花吹雪も、緑を焦げつかせるような陽光も、地を覆い尽くすほどの色あざやかな落葉も過ぎ、今や世界は白一色だ。はあっと小黑がこぼす吐息すら白い。
「人間って変なの。寒いんだから冬は家の中でじっとしてればいいのにさ、冬眠もしないなんて」
「寒いのか? 小黑」
「ぜんっぜん!」
无限は小黑の矛盾を嗜めなかった。ただ微笑み、淹れたての青茶で満ちた茶杯を小黑へ持たせてくれる。立ちのぼる香気はこの銀世界においてあまりに儚い。
こぢんまりした邸の廊子にふたりで身を寄せあって眺める庭は、猫の姿の小黑ならひと呼吸で駆け抜けられる狭さだ。どっさり積もった雪から庭石の先端がちょこちょこ飛び出している。
无限の横で、温かい茶を飲みながら眺めていると、こんな面白みのない光景でも小黑はちっとも気にならなかった。
「師父、お茶はまあまあなのにね」
小黑の言葉に半目になって横を向く師がこしらえる料理ときたら、とにかくひどいのだ。とてもじゃないがかなり気合いを入れないと完食できない。繰り返すが、とにかく、ひどいのだ。
まだ師弟の契りも交わさずにただ妖精館を目指していたころ、どうして下手なのに料理したがるのだと訊いたことがある。无限はちょっと不満げな顔をして、それでも当然のように言ったのだ。
「子どもは何よりもまず、食べて大きくなるものだ」
それ以来小黑は、无限の作った料理を食べる前に必ず気合いを入れて臨むようにしている。
まずいものはまずいので最初の一口を吐く癖はなかなか直らないが、どうせそれは无限も同じだ。叱られたりはしない。
「あーあ。早くまた師父と野宿したいな。師父のまっずい串焼き食べて、毛布にくるまって地面で寝るんだ」
こんな雪の中にいると僅か数ヶ月前が嘘のように思えてくる。草の香りのなか、空を指し示す无限の指を追いかけて星を結ぶことも、眠るまでの短い時間ぽつぽつ交わすお喋りも、冬のあいだはお預けだ。
「……旅が好きだったのか?」
「ううん」
旅自体は好きでも嫌いでもない。小黑はそもそも、自分の居場所がありさえすればずっとそこで過ごしていたいたちだ。
はやばやとぬるくなりつつある茶を啜り、廊子から庭へ向けて足をぶらぶらやりながら、小黑はなるべく无限を見ないように顔の向きを調節する。
「旅は別に、普通。でも師父がぼくの知らないことたくさん教えてくれるから……」
旅する土地ごとに必ず新たな発見がある。小黑が連発するなんでどうしてを、无限はひとつも取りこぼさず一緒に歩いてくれた。
小黑の居場所は无限だ。
无限さえ傍にいてくれるなら小黑は別に屋根のある家もぴんと張ったシーツのかかったベッドもいらない。

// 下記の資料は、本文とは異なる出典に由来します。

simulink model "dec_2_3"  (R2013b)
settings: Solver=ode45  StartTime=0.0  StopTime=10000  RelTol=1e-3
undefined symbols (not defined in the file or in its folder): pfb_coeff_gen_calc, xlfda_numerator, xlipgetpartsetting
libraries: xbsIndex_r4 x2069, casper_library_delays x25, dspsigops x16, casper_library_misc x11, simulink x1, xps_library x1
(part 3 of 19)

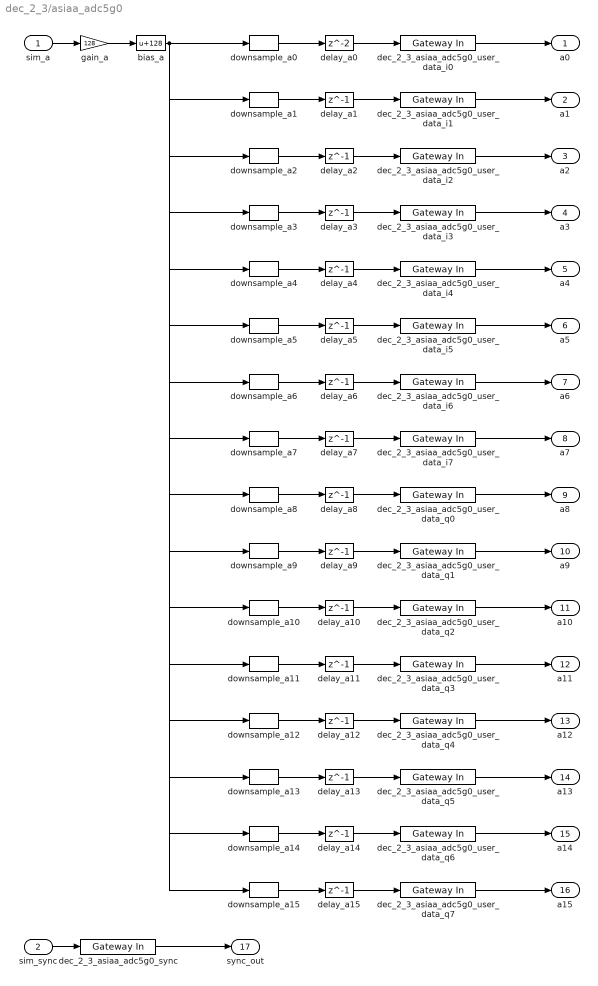
== system dec_2_3/asiaa_adc5g0 ==
  sim_a : Inport
  sim_sync : Inport  Port=2
  bias_a : Bias  Bias=128  SaturateOnIntegerOverflow=on
  dec_2_3_asiaa_adc5g0_sync : xbsIndex_r4/Gateway In  gui_display_data_type=Fixed-point  arith_type=Boolean  n_bits=16  bin_pt=14  preci_type=Single  exp_width=8  frac_width=24  quantization="Round  (unbiased: +/- Inf)"  overflow=Saturate  period=1  dbl_ovrd=off  timing_constraint=None  locs_specified=off  LOCs={}  UseAsADC=off  ADCChannel='1'  inherit_from_input=off  hdl_port=on  block_type=gatewayin
  dec_2_3_asiaa_adc5g0_user_data_i{0..7} (8 alike) : xbsIndex_r4/Gateway In  gui_display_data_type=Fixed-point  arith_type=Unsigned  n_bits=8  bin_pt=0  preci_type=Single  exp_width=8  frac_width=24  quantization=Truncate  overflow=Wrap  period=1  dbl_ovrd=off  timing_constraint=None  locs_specified=off  LOCs={}  UseAsADC=off  ADCChannel='1'  inherit_from_input=off  hdl_port=on  block_type=gatewayin
  dec_2_3_asiaa_adc5g0_user_data_q{0..7} (8 alike) : xbsIndex_r4/Gateway In  gui_display_data_type=Fixed-point  arith_type=Unsigned  n_bits=8  bin_pt=0  preci_type=Single  exp_width=8  frac_width=24  quantization=Truncate  overflow=Wrap  period=1  dbl_ovrd=off  timing_constraint=None  locs_specified=off  LOCs={}  UseAsADC=off  ADCChannel='1'  inherit_from_input=off  hdl_port=on  block_type=gatewayin
  delay_a0 : Delay  InitialCondition=0  InputProcessing=Inherited
  delay_a{1..15} (15 alike) : Delay  DelayLength=1  InitialCondition=0  InputProcessing=Inherited
  downsample_a0 : dspsigops/Downsample  N=16  phase=0  RateOptions=Allow multirate processing  smode=Allow multirate  fmode=Maintain input frame size  ic=0
  downsample_a1 : dspsigops/Downsample  N=16  phase=1  RateOptions=Allow multirate processing  smode=Allow multirate  fmode=Maintain input frame size  ic=0
  downsample_a10 : dspsigops/Downsample  N=16  phase=10  RateOptions=Allow multirate processing  smode=Allow multirate  fmode=Maintain input frame size  ic=0
  downsample_a11 : dspsigops/Downsample  N=16  phase=11  RateOptions=Allow multirate processing  smode=Allow multirate  fmode=Maintain input frame size  ic=0
  downsample_a12 : dspsigops/Downsample  N=16  phase=12  RateOptions=Allow multirate processing  smode=Allow multirate  fmode=Maintain input frame size  ic=0
  downsample_a13 : dspsigops/Downsample  N=16  phase=13  RateOptions=Allow multirate processing  smode=Allow multirate  fmode=Maintain input frame size  ic=0
  downsample_a14 : dspsigops/Downsample  N=16  phase=14  RateOptions=Allow multirate processing  smode=Allow multirate  fmode=Maintain input frame size  ic=0
  downsample_a15 : dspsigops/Downsample  N=16  phase=15  RateOptions=Allow multirate processing  smode=Allow multirate  fmode=Maintain input frame size  ic=0
  downsample_a2 : dspsigops/Downsample  N=16  phase=2  RateOptions=Allow multirate processing  smode=Allow multirate  fmode=Maintain input frame size  ic=0
  downsample_a3 : dspsigops/Downsample  N=16  phase=3  RateOptions=Allow multirate processing  smode=Allow multirate  fmode=Maintain input frame size  ic=0
  downsample_a4 : dspsigops/Downsample  N=16  phase=4  RateOptions=Allow multirate processing  smode=Allow multirate  fmode=Maintain input frame size  ic=0
  downsample_a5 : dspsigops/Downsample  N=16  phase=5  RateOptions=Allow multirate processing  smode=Allow multirate  fmode=Maintain input frame size  ic=0
  downsample_a6 : dspsigops/Downsample  N=16  phase=6  RateOptions=Allow multirate processing  smode=Allow multirate  fmode=Maintain input frame size  ic=0
  downsample_a7 : dspsigops/Downsample  N=16  phase=7  RateOptions=Allow multirate processing  smode=Allow multirate  fmode=Maintain input frame size  ic=0
  downsample_a8 : dspsigops/Downsample  N=16  phase=8  RateOptions=Allow multirate processing  smode=Allow multirate  fmode=Maintain input frame size  ic=0
  downsample_a9 : dspsigops/Downsample  N=16  phase=9  RateOptions=Allow multirate processing  smode=Allow multirate  fmode=Maintain input frame size  ic=0
  gain_a : Gain  Gain=128  SaturateOnIntegerOverflow=on  OutDataTypeStr=Inherit: Same as input  ParamDataTypeStr=Inherit: Same as input
  a0 : Outport
  a1 : Outport  Port=2
  a2 : Outport  Port=3
  a3 : Outport  Port=4
  a4 : Outport  Port=5
  a5 : Outport  Port=6
  a6 : Outport  Port=7
  a7 : Outport  Port=8
  a8 : Outport  Port=9
  a9 : Outport  Port=10
  a10 : Outport  Port=11
  a11 : Outport  Port=12
  a12 : Outport  Port=13
  a13 : Outport  Port=14
  a14 : Outport  Port=15
  a15 : Outport  Port=16
  sync_out : Outport  Port=17
  wires:
  sim_a/1 -> gain_a/1
  gain_a/1 -> bias_a/1
  bias_a/1 -> downsample_a0/1, downsample_a1/1, downsample_a2/1, downsample_a3/1, downsample_a4/1, downsample_a5/1, downsample_a6/1, downsample_a7/1, downsample_a8/1, downsample_a9/1, downsample_a10/1, downsample_a11/1, downsample_a12/1, downsample_a13/1, downsample_a14/1, downsample_a15/1
  downsample_a0/1 -> delay_a0/1
  delay_a0/1 -> dec_2_3_asiaa_adc5g0_user_data_i0/1
  dec_2_3_asiaa_adc5g0_user_data_i0/1 -> a0/1
  downsample_a1/1 -> delay_a1/1
  delay_a1/1 -> dec_2_3_asiaa_adc5g0_user_data_i1/1
  dec_2_3_asiaa_adc5g0_user_data_i1/1 -> a1/1
  downsample_a2/1 -> delay_a2/1
  delay_a2/1 -> dec_2_3_asiaa_adc5g0_user_data_i2/1
  dec_2_3_asiaa_adc5g0_user_data_i2/1 -> a2/1
  downsample_a3/1 -> delay_a3/1
  delay_a3/1 -> dec_2_3_asiaa_adc5g0_user_data_i3/1
  dec_2_3_asiaa_adc5g0_user_data_i3/1 -> a3/1
  downsample_a4/1 -> delay_a4/1
  delay_a4/1 -> dec_2_3_asiaa_adc5g0_user_data_i4/1
  dec_2_3_asiaa_adc5g0_user_data_i4/1 -> a4/1
  downsample_a5/1 -> delay_a5/1
  delay_a5/1 -> dec_2_3_asiaa_adc5g0_user_data_i5/1
  dec_2_3_asiaa_adc5g0_user_data_i5/1 -> a5/1
  downsample_a6/1 -> delay_a6/1
  delay_a6/1 -> dec_2_3_asiaa_adc5g0_user_data_i6/1
  dec_2_3_asiaa_adc5g0_user_data_i6/1 -> a6/1
  downsample_a7/1 -> delay_a7/1
  delay_a7/1 -> dec_2_3_asiaa_adc5g0_user_data_i7/1
  dec_2_3_asiaa_adc5g0_user_data_i7/1 -> a7/1
  downsample_a8/1 -> delay_a8/1
  delay_a8/1 -> dec_2_3_asiaa_adc5g0_user_data_q0/1
  dec_2_3_asiaa_adc5g0_user_data_q0/1 -> a8/1
  downsample_a9/1 -> delay_a9/1
  delay_a9/1 -> dec_2_3_asiaa_adc5g0_user_data_q1/1
  dec_2_3_asiaa_adc5g0_user_data_q1/1 -> a9/1
  downsample_a10/1 -> delay_a10/1
  delay_a10/1 -> dec_2_3_asiaa_adc5g0_user_data_q2/1
  dec_2_3_asiaa_adc5g0_user_data_q2/1 -> a10/1
  downsample_a11/1 -> delay_a11/1
  delay_a11/1 -> dec_2_3_asiaa_adc5g0_user_data_q3/1
  dec_2_3_asiaa_adc5g0_user_data_q3/1 -> a11/1
  downsample_a12/1 -> delay_a12/1
  delay_a12/1 -> dec_2_3_asiaa_adc5g0_user_data_q4/1
  dec_2_3_asiaa_adc5g0_user_data_q4/1 -> a12/1
  downsample_a13/1 -> delay_a13/1
  delay_a13/1 -> dec_2_3_asiaa_adc5g0_user_data_q5/1
  dec_2_3_asiaa_adc5g0_user_data_q5/1 -> a13/1
  downsample_a14/1 -> delay_a14/1
  delay_a14/1 -> dec_2_3_asiaa_adc5g0_user_data_q6/1
  dec_2_3_asiaa_adc5g0_user_data_q6/1 -> a14/1
  downsample_a15/1 -> delay_a15/1
  delay_a15/1 -> dec_2_3_asiaa_adc5g0_user_data_q7/1
  dec_2_3_asiaa_adc5g0_user_data_q7/1 -> a15/1
  sim_sync/1 -> dec_2_3_asiaa_adc5g0_sync/1
  dec_2_3_asiaa_adc5g0_sync/1 -> sync_out/1

== system dec_2_3/bus_create ==
  in1 : Inport
  in2 : Inport  Port=2
  in3 : Inport  Port=3
  in4 : Inport  Port=4
  in5 : Inport  Port=5
  in6 : Inport  Port=6
  in7 : Inport  Port=7
  in8 : Inport  Port=8
  in9 : Inport  Port=9
  in10 : Inport  Port=10
  in11 : Inport  Port=11
  in12 : Inport  Port=12
  in13 : Inport  Port=13
  in14 : Inport  Port=14
  in15 : Inport  Port=15
  in16 : Inport  Port=16
  concatenate : xbsIndex_r4/Concat  num_inputs=16  dbl_ovrd=off  block_type=concat
  reinterpret{1..16} (16 alike) : xbsIndex_r4/Reinterpret  force_arith_type=on  arith_type=Unsigned  force_bin_pt=on  bin_pt=0  block_type=reinterpret
      reinterpret1 settings: infoedit="Changes signal type without altering the binary representation.   You can changed the signal between signed and unsigned, and relocate the binary point.<br><br>Hardware notes: In hardware this block costs nothing.<br><br>Example:  Suppose the input is 6 bits wide, signed, with 2 fractional bits, and the output is forced to unsigned with 0 fractional bits.  Then an input of -2.0 (1110.00 in binary 2's complement) becomes an output of 56 (111000 in binary)."
      reinterpret2 settings: infoedit="Changes signal type without altering the binary representation.   You can changed the signal between signed and unsigned, and relocate the binary point.<br><br>Hardware notes: In hardware this block costs nothing.<br><br>Example:  Suppose the input is 6 bits wide, signed, with 2 fractional bits, and the output is forced to unsigned with 0 fractional bits.  Then an input of -2.0 (1110.00 in binary 2's complement) becomes an output of 56 (111000 in binary)."
  bus_out : Outport
  wires:
  concatenate/1 -> bus_out/1
  in1/1 -> reinterpret1/1
  reinterpret1/1 -> concatenate/1
  in2/1 -> reinterpret2/1
  reinterpret2/1 -> concatenate/2
  in3/1 -> reinterpret3/1
  reinterpret3/1 -> concatenate/3
  in4/1 -> reinterpret4/1
  reinterpret4/1 -> concatenate/4
  in5/1 -> reinterpret5/1
  reinterpret5/1 -> concatenate/5
  in6/1 -> reinterpret6/1
  reinterpret6/1 -> concatenate/6
  in7/1 -> reinterpret7/1
  reinterpret7/1 -> concatenate/7
  in8/1 -> reinterpret8/1
  reinterpret8/1 -> concatenate/8
  in9/1 -> reinterpret9/1
  reinterpret9/1 -> concatenate/9
  in10/1 -> reinterpret10/1
  reinterpret10/1 -> concatenate/10
  in11/1 -> reinterpret11/1
  reinterpret11/1 -> concatenate/11
  in12/1 -> reinterpret12/1
  reinterpret12/1 -> concatenate/12
  in13/1 -> reinterpret13/1
  reinterpret13/1 -> concatenate/13
  in14/1 -> reinterpret14/1
  reinterpret14/1 -> concatenate/14
  in15/1 -> reinterpret15/1
  reinterpret15/1 -> concatenate/15
  in16/1 -> reinterpret16/1
  reinterpret16/1 -> concatenate/16

== system dec_2_3/cnt_rst ==
  dec_2_3_cnt_rst_user_data_out : xbsIndex_r4/Gateway In  gui_display_data_type=Fixed-point  arith_type=Unsigned  n_bits=32  bin_pt=0  preci_type=Single  exp_width=8  frac_width=24  quantization="Round  (unbiased: +/- Inf)"  overflow=Saturate  period=1  dbl_ovrd=off  timing_constraint=None  locs_specified=off  LOCs={}  UseAsADC=off  ADCChannel='1'  inherit_from_input=off  hdl_port=on  block_type=gatewayin
  io_delay : xbsIndex_r4/Delay  rst=off  infoeditControl=Selection of Reset will increase slice count due to use of real FFs and instead of SRLs  en=off  latency=0  dbl_ovrd=off  reg_retiming=on  block_type=delay
  sim_1 : Constant  Value=0
  slice_reg : xbsIndex_r4/Slice  nbits=32  boolean_output=on  mode=Lower Bit Location + Width  bit1=0  base1=MSB of Input  bit0=0  base0=LSB of Input  dbl_ovrd=off  block_type=slice
  in_reg : Outport
  wires:
  dec_2_3_cnt_rst_user_data_out/1 -> io_delay/1
  sim_1/1 -> dec_2_3_cnt_rst_user_data_out/1
  io_delay/1 -> slice_reg/1
  slice_reg/1 -> in_reg/1

== system dec_2_3/conv_bus0 ==
  i0 : Inport
  i1 : Inport  Port=2
  i2 : Inport  Port=3
  i3 : Inport  Port=4
  i4 : Inport  Port=5
  i5 : Inport  Port=6
  i6 : Inport  Port=7
  i7 : Inport  Port=8
  i8 : Inport  Port=9
  i9 : Inport  Port=10
  i10 : Inport  Port=11
  i11 : Inport  Port=12
  i12 : Inport  Port=13
  i13 : Inport  Port=14
  i14 : Inport  Port=15
  i15 : Inport  Port=16
  conv_ob0 : Subsystem
  conv_ob1 : Subsystem
  conv_ob10 : Subsystem
  conv_ob11 : Subsystem
  conv_ob12 : Subsystem
  conv_ob13 : Subsystem
  conv_ob14 : Subsystem
  conv_ob15 : Subsystem
  conv_ob2 : Subsystem
  conv_ob3 : Subsystem
  conv_ob4 : Subsystem
  conv_ob5 : Subsystem
  conv_ob6 : Subsystem
  conv_ob7 : Subsystem
  conv_ob8 : Subsystem
  conv_ob9 : Subsystem
  q0 : Outport
  q1 : Outport  Port=2
  q2 : Outport  Port=3
  q3 : Outport  Port=4
  q4 : Outport  Port=5
  q5 : Outport  Port=6
  q6 : Outport  Port=7
  q7 : Outport  Port=8
  q8 : Outport  Port=9
  q9 : Outport  Port=10
  q10 : Outport  Port=11
  q11 : Outport  Port=12
  q12 : Outport  Port=13
  q13 : Outport  Port=14
  q14 : Outport  Port=15
  q15 : Outport  Port=16
  wires:
  conv_ob7/1(q) -> q7/1
  i7/1 -> conv_ob7/1(i)
  conv_ob6/1(q) -> q6/1
  i6/1 -> conv_ob6/1(i)
  conv_ob5/1(q) -> q5/1
  i5/1 -> conv_ob5/1(i)
  conv_ob4/1(q) -> q4/1
  i4/1 -> conv_ob4/1(i)
  conv_ob3/1(q) -> q3/1
  i3/1 -> conv_ob3/1(i)
  conv_ob2/1(q) -> q2/1
  i2/1 -> conv_ob2/1(i)
  conv_ob1/1(q) -> q1/1
  i1/1 -> conv_ob1/1(i)
  conv_ob0/1(q) -> q0/1
  i0/1 -> conv_ob0/1(i)
  conv_ob15/1(q) -> q15/1
  i15/1 -> conv_ob15/1(i)
  conv_ob14/1(q) -> q14/1
  i14/1 -> conv_ob14/1(i)
  conv_ob13/1(q) -> q13/1
  i13/1 -> conv_ob13/1(i)
  conv_ob12/1(q) -> q12/1
  i12/1 -> conv_ob12/1(i)
  conv_ob11/1(q) -> q11/1
  i11/1 -> conv_ob11/1(i)
  conv_ob10/1(q) -> q10/1
  i10/1 -> conv_ob10/1(i)
  conv_ob9/1(q) -> q9/1
  i9/1 -> conv_ob9/1(i)
  conv_ob8/1(q) -> q8/1
  i8/1 -> conv_ob8/1(i)

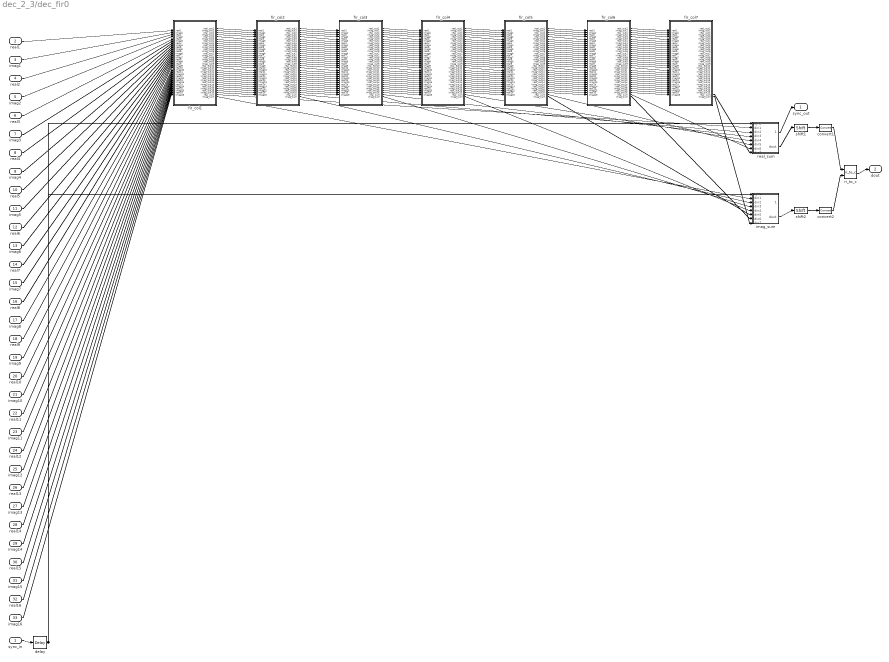
== system dec_2_3/dec_fir0 ==
  sync_in : Inport
  real1 : Inport  Port=2
  imag1 : Inport  Port=3
  real2 : Inport  Port=4
  imag2 : Inport  Port=5
  real3 : Inport  Port=6
  imag3 : Inport  Port=7
  real4 : Inport  Port=8
  imag4 : Inport  Port=9
  real5 : Inport  Port=10
  imag5 : Inport  Port=11
  real6 : Inport  Port=12
  imag6 : Inport  Port=13
  real7 : Inport  Port=14
  imag7 : Inport  Port=15
  real8 : Inport  Port=16
  imag8 : Inport  Port=17
  real9 : Inport  Port=18
  imag9 : Inport  Port=19
  real10 : Inport  Port=20
  imag10 : Inport  Port=21
  real11 : Inport  Port=22
  imag11 : Inport  Port=23
  real12 : Inport  Port=24
  imag12 : Inport  Port=25
  real13 : Inport  Port=26
  imag13 : Inport  Port=27
  real14 : Inport  Port=28
  imag14 : Inport  Port=29
  real15 : Inport  Port=30
  imag15 : Inport  Port=31
  real16 : Inport  Port=32
  imag16 : Inport  Port=33
  convert1 : xbsIndex_r4/Convert  gui_display_data_type=Fixed-point  arith_type="Signed  (2's comp)"  n_bits=30  bin_pt=29  float_type=Single  exp_bits=8  fraction_bits=24  quantization="Round  (unbiased: +/- Inf)"  overflow=Wrap  en=off  latency=2  dbl_ovrd=off  pipeline=off  block_type=convert
  convert2 : xbsIndex_r4/Convert  gui_display_data_type=Fixed-point  arith_type="Signed  (2's comp)"  n_bits=30  bin_pt=29  float_type=Single  exp_bits=8  fraction_bits=24  quantization="Round  (unbiased: +/- Inf)"  overflow=Wrap  en=off  latency=2  dbl_ovrd=off  pipeline=off  block_type=convert
  delay : xbsIndex_r4/Delay  rst=off  infoeditControl=Selection of Reset will increase slice count due to use of real FFs and instead of SRLs  en=off  latency=8  dbl_ovrd=off  reg_retiming=off  block_type=delay
  fir_col1 : Subsystem  AncestorBlock=casper_library_downconverter/fir_col  mask(fir_col){n_inputs=16, coeff=[0.0062127   0.0053266   0.0042757   0.0031122     0.00189  0.00066203 -0.00052147   -0.001615  -0.0025791  -0.0033818  -0.0039996  -0.0044174  -0.0046295  -0.0046386  -0.0044554  -0.0040983], add_latency=1, mult_latency=2, coeff_bit_width=25, coeff_bin_pt=24, first_stage_hdl=on, adder_imp=DSP48}
      mask prompts: n_inputs "Inputs"; coeff "Coefficients"; add_latency "Add latency"; mult_latency "Mult Latency"; coeff_bit_width "Coefficient bit width"; coeff_bin_pt "Coefficient binary point"; first_stage_hdl "Implement first stage of adder trees on output as behavioural HDL"; adder_imp "Adder implementation"
      mask init:
      | fir_col_init(gcb, ...
      |     'n_inputs', n_inputs,...
      |     'coeff', coeff, ...
      |     'mult_latency', mult_latency, ...
      |     'add_latency', add_latency, ...
      |     'coeff_bit_width', coeff_bit_width, ...
      |     'coeff_bin_pt', coeff_bin_pt, ...
      |     'first_stage_hdl', first_stage_hdl, ...
      |     'adder_imp', adder_imp);
      mask Help: eval('xlWeb(''http://casper.berkeley.edu/wiki/Fir_col'')')
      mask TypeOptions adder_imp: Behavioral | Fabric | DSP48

どこへ行っても一緒なら大丈夫だという安心を、无限はくれる。その居心地のよさをどこより強く感じるのが地面の上で眠る夜なのだ。
「……そうか」
わっしわっしと小黑の髪を掻き混ぜる手は大きい。優しい声を白い吐息とともにこぼした口元は、きっとほんのり笑っている。
「茶を飲んだら散歩に行こう。小黑」
離れていく手の向こうから現れた无限の顔は、やはり穏やかだった。
「散歩? こんなに雪が積もってるのに?」
「そう。雪原を歩くのにも技術がいる」
知らない。目をまるくして无限を仰ぐ。
「凍りついて水晶のようになる森がある。冬だけ、雲が滝のように流れ落ちていく山がある」
知らない。无限は目を細めて微笑んでいる。
「冬に咲く花の名を、小黑はいくつ知っている?」
「ぜんっぜん知らない!」
「では探しに行こう」
うん、と頷いて茶杯を傾けた。自分自身を待ちきれずに足がぱたぱた跳ねるのを、笑顔の无限に見守られている。
春も、夏も、秋も、小黑はたくさんのことを无限から教わった。
この冬だって、きっと物足りなさを感じる暇がないくらい楽しいことが、小黑たちに見つけ出されるのを待っているのだ。